After locating the line that contains "FILE_NAME ('396-024-520-658.STEP', '2019-10-27T05:37:59', ( ''" in the data below, set down exactly that line and each one after it through the line that contains "Topology: 29 solids, 29", and nothing more.
[[ INFORMATION SHOWN, beginning ]]
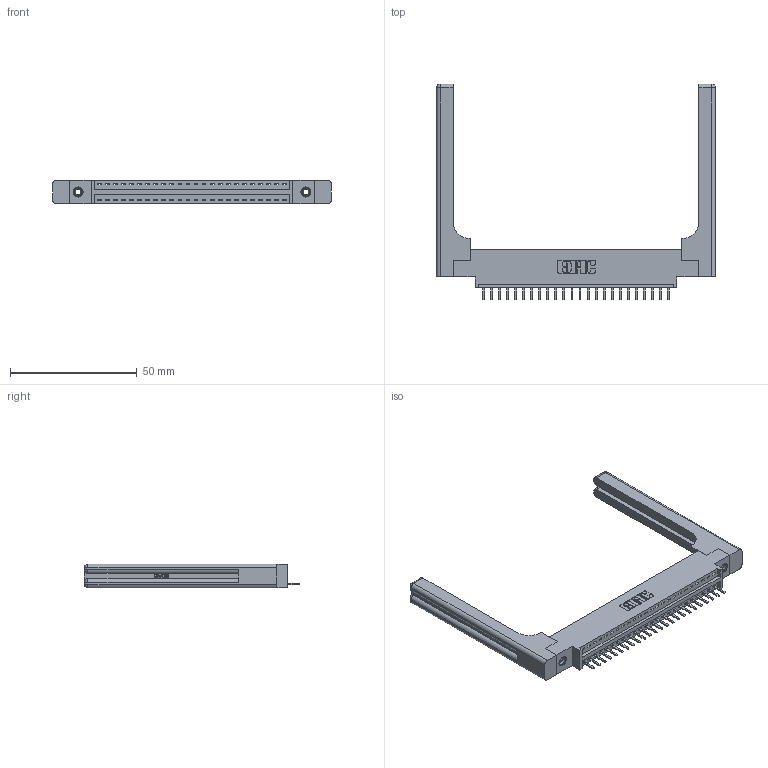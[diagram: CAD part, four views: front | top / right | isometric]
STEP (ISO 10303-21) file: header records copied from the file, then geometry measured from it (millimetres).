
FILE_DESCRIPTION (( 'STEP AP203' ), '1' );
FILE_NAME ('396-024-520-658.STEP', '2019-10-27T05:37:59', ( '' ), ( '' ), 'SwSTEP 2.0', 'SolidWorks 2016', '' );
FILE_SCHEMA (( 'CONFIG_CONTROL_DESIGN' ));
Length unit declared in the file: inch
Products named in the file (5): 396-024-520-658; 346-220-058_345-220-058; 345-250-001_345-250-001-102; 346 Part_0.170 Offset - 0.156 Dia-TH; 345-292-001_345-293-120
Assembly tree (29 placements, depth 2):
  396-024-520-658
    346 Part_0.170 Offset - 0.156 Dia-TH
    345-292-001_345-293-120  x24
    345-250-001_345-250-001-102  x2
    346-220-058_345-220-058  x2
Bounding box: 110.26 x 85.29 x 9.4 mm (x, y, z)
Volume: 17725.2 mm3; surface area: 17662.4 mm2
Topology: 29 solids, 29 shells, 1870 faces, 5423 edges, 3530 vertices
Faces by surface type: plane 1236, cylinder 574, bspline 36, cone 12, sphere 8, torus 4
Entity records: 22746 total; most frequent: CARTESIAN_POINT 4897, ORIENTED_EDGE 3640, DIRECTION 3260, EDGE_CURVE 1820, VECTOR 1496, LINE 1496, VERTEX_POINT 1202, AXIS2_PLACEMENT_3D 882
[[ INFORMATION SHOWN, end ]]
§ RESULT OF THE TASK:
FILE_NAME ('396-024-520-658.STEP', '2019-10-27T05:37:59', ( '' ), ( '' ), 'SwSTEP 2.0', 'SolidWorks 2016', '' );
FILE_SCHEMA (( 'CONFIG_CONTROL_DESIGN' ));
Length unit declared in the file: inch
Products named in the file (5): 396-024-520-658; 346-220-058_345-220-058; 345-250-001_345-250-001-102; 346 Part_0.170 Offset - 0.156 Dia-TH; 345-292-001_345-293-120
Assembly tree (29 placements, depth 2):
  396-024-520-658
    346 Part_0.170 Offset - 0.156 Dia-TH
    345-292-001_345-293-120  x24
    345-250-001_345-250-001-102  x2
    346-220-058_345-220-058  x2
Bounding box: 110.26 x 85.29 x 9.4 mm (x, y, z)
Volume: 17725.2 mm3; surface area: 17662.4 mm2
Topology: 29 solids, 29 shells, 1870 faces, 5423 edges, 3530 vertices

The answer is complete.